Excerpts from a dataset
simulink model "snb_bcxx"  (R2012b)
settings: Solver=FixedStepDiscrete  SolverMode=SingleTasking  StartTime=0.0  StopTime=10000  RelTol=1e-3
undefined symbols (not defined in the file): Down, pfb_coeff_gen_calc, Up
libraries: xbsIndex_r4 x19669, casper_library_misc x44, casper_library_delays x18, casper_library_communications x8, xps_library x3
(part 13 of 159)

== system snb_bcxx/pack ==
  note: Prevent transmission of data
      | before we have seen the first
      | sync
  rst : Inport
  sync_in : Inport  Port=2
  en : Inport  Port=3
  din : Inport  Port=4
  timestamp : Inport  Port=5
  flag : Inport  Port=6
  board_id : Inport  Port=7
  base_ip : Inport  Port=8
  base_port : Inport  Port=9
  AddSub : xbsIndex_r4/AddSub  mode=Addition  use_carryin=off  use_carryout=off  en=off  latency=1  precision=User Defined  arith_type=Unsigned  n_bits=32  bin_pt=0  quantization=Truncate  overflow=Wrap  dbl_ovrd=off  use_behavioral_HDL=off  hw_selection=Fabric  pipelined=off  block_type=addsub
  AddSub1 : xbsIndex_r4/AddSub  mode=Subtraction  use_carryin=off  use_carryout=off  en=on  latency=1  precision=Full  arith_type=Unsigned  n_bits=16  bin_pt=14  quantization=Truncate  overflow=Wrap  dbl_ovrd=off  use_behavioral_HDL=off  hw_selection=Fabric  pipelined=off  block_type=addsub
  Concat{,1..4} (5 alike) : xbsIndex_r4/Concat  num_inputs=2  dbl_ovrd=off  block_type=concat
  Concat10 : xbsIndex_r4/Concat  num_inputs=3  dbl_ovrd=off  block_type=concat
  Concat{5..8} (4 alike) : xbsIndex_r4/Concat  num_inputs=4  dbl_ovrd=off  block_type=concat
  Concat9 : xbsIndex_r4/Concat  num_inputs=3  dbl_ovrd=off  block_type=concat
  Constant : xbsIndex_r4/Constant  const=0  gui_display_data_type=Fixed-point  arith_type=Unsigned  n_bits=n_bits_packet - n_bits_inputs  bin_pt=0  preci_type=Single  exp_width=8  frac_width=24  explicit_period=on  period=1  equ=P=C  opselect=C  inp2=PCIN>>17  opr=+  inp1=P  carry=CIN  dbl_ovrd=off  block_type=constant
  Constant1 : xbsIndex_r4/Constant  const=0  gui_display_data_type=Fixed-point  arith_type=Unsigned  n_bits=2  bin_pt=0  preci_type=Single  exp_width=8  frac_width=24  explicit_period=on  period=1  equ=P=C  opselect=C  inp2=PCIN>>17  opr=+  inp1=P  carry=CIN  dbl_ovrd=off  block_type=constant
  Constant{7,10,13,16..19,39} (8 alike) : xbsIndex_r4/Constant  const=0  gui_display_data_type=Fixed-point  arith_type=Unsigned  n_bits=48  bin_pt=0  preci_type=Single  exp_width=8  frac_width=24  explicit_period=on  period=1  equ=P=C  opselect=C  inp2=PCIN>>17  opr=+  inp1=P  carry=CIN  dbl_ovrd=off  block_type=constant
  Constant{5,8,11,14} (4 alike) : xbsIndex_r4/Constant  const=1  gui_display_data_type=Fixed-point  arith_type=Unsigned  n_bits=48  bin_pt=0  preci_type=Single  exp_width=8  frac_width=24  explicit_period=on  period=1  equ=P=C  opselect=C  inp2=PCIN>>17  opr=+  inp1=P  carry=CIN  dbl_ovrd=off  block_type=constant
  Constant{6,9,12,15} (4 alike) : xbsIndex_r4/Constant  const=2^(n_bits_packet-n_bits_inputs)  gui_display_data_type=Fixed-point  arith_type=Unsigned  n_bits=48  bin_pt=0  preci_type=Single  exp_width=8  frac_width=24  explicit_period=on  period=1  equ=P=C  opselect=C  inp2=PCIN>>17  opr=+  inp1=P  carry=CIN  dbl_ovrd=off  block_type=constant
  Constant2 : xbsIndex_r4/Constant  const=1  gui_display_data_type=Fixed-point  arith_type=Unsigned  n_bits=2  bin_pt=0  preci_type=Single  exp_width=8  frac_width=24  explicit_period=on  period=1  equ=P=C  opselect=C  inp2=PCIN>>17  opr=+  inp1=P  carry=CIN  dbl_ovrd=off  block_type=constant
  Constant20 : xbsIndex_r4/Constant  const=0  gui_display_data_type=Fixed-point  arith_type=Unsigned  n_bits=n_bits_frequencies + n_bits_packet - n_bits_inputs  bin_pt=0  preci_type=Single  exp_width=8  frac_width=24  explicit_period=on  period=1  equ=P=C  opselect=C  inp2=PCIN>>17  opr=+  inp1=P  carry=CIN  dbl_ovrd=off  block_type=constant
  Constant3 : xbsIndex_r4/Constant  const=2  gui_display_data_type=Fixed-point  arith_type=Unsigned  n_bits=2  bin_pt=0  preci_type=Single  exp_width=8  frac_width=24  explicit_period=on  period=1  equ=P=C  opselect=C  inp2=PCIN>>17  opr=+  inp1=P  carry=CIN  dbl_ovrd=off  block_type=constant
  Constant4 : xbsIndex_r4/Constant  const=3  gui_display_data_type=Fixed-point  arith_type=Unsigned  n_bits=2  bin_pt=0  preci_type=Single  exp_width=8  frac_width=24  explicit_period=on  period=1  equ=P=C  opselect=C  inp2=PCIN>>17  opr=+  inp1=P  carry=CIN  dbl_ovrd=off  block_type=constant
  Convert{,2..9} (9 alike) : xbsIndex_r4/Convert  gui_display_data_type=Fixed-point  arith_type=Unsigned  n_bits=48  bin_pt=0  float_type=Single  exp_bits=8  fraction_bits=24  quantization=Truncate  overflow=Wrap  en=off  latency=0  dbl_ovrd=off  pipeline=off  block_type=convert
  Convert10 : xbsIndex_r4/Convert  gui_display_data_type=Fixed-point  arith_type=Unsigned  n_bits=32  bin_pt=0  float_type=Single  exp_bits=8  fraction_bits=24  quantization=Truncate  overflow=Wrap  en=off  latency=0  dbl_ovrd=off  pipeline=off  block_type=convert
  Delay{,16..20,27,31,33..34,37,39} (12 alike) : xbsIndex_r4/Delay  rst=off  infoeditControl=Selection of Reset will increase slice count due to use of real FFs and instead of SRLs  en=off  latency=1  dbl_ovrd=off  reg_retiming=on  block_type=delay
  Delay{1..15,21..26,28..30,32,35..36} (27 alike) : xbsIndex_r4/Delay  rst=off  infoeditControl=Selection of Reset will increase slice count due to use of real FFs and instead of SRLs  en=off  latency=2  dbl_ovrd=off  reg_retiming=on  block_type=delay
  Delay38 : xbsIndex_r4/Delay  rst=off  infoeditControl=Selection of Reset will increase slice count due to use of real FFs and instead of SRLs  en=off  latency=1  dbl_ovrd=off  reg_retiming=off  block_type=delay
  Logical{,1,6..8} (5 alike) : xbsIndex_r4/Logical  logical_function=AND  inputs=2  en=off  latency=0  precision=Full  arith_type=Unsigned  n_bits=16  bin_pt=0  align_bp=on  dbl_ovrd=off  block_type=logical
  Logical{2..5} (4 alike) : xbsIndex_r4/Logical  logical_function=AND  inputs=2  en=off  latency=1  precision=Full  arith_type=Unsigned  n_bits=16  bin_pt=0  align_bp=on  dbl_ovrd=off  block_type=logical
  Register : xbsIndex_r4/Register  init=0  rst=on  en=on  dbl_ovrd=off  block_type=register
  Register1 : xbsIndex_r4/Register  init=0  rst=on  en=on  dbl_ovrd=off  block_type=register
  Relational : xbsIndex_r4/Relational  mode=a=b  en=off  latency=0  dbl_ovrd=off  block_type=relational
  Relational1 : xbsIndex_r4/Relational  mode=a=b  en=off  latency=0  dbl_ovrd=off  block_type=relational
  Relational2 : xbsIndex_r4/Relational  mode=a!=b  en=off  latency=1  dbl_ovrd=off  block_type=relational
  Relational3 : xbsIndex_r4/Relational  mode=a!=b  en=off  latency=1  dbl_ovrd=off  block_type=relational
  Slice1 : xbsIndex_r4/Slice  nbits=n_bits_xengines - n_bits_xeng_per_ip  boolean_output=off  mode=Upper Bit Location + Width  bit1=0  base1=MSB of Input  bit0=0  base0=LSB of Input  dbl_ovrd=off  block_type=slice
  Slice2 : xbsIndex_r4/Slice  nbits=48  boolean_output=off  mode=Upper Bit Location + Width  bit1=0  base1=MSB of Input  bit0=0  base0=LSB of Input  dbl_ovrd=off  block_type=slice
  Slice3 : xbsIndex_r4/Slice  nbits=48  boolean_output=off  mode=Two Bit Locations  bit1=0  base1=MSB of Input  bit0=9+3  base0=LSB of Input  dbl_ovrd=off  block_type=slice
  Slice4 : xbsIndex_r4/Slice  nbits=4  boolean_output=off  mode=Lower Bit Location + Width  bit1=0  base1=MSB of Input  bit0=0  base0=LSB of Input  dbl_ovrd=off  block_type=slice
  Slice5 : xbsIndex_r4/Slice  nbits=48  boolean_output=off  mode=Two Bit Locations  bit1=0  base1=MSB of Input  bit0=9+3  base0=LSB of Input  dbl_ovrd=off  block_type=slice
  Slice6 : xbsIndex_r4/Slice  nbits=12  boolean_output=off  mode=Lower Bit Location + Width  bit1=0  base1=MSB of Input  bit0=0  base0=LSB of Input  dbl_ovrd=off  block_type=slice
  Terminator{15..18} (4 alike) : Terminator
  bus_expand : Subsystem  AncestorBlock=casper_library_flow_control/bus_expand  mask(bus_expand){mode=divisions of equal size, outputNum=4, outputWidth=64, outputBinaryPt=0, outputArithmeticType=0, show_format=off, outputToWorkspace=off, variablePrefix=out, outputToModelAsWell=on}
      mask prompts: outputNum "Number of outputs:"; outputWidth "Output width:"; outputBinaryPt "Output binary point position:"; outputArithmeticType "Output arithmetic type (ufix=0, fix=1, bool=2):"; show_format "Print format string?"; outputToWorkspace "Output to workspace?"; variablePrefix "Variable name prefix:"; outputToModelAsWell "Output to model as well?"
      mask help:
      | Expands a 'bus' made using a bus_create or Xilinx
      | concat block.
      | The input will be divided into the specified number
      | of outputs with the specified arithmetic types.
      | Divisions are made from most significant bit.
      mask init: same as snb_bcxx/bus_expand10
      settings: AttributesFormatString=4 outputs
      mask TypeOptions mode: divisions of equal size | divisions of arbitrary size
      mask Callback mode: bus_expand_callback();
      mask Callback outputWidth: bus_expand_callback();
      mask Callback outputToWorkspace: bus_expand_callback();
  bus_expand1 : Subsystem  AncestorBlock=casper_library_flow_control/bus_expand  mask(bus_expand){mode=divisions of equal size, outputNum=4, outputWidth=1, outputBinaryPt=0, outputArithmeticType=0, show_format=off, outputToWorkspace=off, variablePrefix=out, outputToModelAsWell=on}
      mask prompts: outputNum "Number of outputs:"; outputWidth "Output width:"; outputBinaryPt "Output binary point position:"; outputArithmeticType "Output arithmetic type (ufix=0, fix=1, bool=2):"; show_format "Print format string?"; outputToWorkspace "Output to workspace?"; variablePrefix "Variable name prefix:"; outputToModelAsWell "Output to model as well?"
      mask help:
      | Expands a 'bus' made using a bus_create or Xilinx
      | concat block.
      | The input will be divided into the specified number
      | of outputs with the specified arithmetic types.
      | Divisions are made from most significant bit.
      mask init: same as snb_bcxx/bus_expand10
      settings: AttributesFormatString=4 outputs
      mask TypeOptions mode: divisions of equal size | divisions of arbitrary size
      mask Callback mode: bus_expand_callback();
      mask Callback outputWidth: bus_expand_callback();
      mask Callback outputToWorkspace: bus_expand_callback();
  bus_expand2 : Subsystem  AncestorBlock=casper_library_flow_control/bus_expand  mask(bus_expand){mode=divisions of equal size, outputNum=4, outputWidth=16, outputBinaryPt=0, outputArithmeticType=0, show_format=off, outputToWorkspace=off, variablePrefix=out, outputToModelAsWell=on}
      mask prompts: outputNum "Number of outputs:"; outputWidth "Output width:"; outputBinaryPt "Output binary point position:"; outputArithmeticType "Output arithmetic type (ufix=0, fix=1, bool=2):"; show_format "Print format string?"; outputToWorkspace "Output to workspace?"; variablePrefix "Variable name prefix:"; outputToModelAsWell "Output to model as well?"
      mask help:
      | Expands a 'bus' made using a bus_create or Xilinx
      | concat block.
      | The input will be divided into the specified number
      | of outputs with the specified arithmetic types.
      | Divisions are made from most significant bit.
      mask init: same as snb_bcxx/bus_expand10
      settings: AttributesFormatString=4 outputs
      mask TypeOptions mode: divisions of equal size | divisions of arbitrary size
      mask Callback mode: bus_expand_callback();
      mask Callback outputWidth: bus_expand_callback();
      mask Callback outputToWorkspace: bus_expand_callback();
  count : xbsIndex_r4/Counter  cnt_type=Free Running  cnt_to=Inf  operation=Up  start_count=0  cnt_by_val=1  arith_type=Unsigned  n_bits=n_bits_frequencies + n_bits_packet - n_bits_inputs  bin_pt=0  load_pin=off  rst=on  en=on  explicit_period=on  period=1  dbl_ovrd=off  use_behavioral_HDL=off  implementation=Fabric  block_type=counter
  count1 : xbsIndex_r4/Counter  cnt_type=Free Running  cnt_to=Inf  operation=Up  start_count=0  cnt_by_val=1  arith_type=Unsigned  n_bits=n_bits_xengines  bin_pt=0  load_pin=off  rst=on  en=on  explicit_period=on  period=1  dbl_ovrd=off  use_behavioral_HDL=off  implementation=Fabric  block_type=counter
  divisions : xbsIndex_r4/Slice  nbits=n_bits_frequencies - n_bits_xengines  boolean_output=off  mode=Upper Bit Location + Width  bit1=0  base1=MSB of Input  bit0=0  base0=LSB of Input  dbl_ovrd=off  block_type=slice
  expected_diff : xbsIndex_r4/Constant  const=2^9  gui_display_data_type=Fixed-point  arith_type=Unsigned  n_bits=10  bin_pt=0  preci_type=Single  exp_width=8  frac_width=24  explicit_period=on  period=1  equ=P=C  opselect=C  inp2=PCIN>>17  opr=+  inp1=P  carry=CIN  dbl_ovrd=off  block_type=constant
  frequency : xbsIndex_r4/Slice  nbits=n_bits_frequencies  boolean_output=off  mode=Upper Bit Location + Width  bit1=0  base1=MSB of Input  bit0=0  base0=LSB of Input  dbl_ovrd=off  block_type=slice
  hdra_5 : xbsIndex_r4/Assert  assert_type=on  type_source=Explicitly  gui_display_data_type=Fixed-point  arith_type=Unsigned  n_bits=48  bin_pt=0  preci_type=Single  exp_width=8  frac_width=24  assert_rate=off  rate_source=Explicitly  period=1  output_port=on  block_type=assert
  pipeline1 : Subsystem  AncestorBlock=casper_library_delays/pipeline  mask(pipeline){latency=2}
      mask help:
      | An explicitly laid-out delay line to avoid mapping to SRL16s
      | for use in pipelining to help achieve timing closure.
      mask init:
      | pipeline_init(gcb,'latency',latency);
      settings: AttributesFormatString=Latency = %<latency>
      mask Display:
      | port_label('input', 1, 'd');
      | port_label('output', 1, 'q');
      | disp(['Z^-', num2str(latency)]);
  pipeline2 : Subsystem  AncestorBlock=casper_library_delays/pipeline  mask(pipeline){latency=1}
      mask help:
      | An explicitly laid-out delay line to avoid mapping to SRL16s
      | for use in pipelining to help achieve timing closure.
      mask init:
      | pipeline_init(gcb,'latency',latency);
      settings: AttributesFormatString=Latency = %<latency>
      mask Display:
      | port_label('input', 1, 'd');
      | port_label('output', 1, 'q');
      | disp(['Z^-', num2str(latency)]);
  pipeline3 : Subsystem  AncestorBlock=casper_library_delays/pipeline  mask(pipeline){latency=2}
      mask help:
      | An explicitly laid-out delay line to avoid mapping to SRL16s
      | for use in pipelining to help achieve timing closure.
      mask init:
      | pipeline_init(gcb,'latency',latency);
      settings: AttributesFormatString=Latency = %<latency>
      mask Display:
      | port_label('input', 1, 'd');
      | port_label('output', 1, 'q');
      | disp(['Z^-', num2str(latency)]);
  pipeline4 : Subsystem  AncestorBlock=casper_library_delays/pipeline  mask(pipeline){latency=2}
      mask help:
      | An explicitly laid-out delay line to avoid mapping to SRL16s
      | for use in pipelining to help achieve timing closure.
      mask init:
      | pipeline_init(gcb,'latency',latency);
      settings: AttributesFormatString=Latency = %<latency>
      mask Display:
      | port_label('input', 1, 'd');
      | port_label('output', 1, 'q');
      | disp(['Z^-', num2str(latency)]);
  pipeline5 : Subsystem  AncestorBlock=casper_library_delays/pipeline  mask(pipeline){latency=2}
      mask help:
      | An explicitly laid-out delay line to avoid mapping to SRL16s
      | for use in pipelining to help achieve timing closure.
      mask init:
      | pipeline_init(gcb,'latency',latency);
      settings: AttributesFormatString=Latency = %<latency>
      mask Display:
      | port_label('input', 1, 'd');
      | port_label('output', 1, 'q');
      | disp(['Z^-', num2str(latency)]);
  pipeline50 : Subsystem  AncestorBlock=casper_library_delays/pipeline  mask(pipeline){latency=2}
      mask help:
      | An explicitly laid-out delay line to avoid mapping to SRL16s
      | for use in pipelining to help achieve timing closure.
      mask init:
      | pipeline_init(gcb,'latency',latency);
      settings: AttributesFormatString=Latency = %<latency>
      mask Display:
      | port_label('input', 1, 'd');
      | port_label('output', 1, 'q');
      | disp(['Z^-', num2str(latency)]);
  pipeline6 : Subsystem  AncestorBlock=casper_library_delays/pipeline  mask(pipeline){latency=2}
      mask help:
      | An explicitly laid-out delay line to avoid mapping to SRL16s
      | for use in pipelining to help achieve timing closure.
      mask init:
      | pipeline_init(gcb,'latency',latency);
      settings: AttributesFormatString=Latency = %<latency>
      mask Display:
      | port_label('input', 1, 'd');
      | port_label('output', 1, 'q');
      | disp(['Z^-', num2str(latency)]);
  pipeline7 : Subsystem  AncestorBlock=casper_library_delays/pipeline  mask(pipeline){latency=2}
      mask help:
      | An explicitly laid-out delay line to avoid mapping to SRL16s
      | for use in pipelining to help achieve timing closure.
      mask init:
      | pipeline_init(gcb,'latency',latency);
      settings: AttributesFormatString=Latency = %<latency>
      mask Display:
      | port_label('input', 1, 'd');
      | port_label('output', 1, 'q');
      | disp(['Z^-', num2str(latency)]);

- [What the exercise asks]
If a line falls between the first line of the entries and the line containing "libraries: xbsIndex_r4 x19669, casper_library_misc", or is one of those two, restate it word for word; leave all other lines out.

- [Answer section]
simulink model "snb_bcxx"  (R2012b)
settings: Solver=FixedStepDiscrete  SolverMode=SingleTasking  StartTime=0.0  StopTime=10000  RelTol=1e-3
undefined symbols (not defined in the file): Down, pfb_coeff_gen_calc, Up
libraries: xbsIndex_r4 x19669, casper_library_misc x44, casper_library_delays x18, casper_library_communications x8, xps_library x3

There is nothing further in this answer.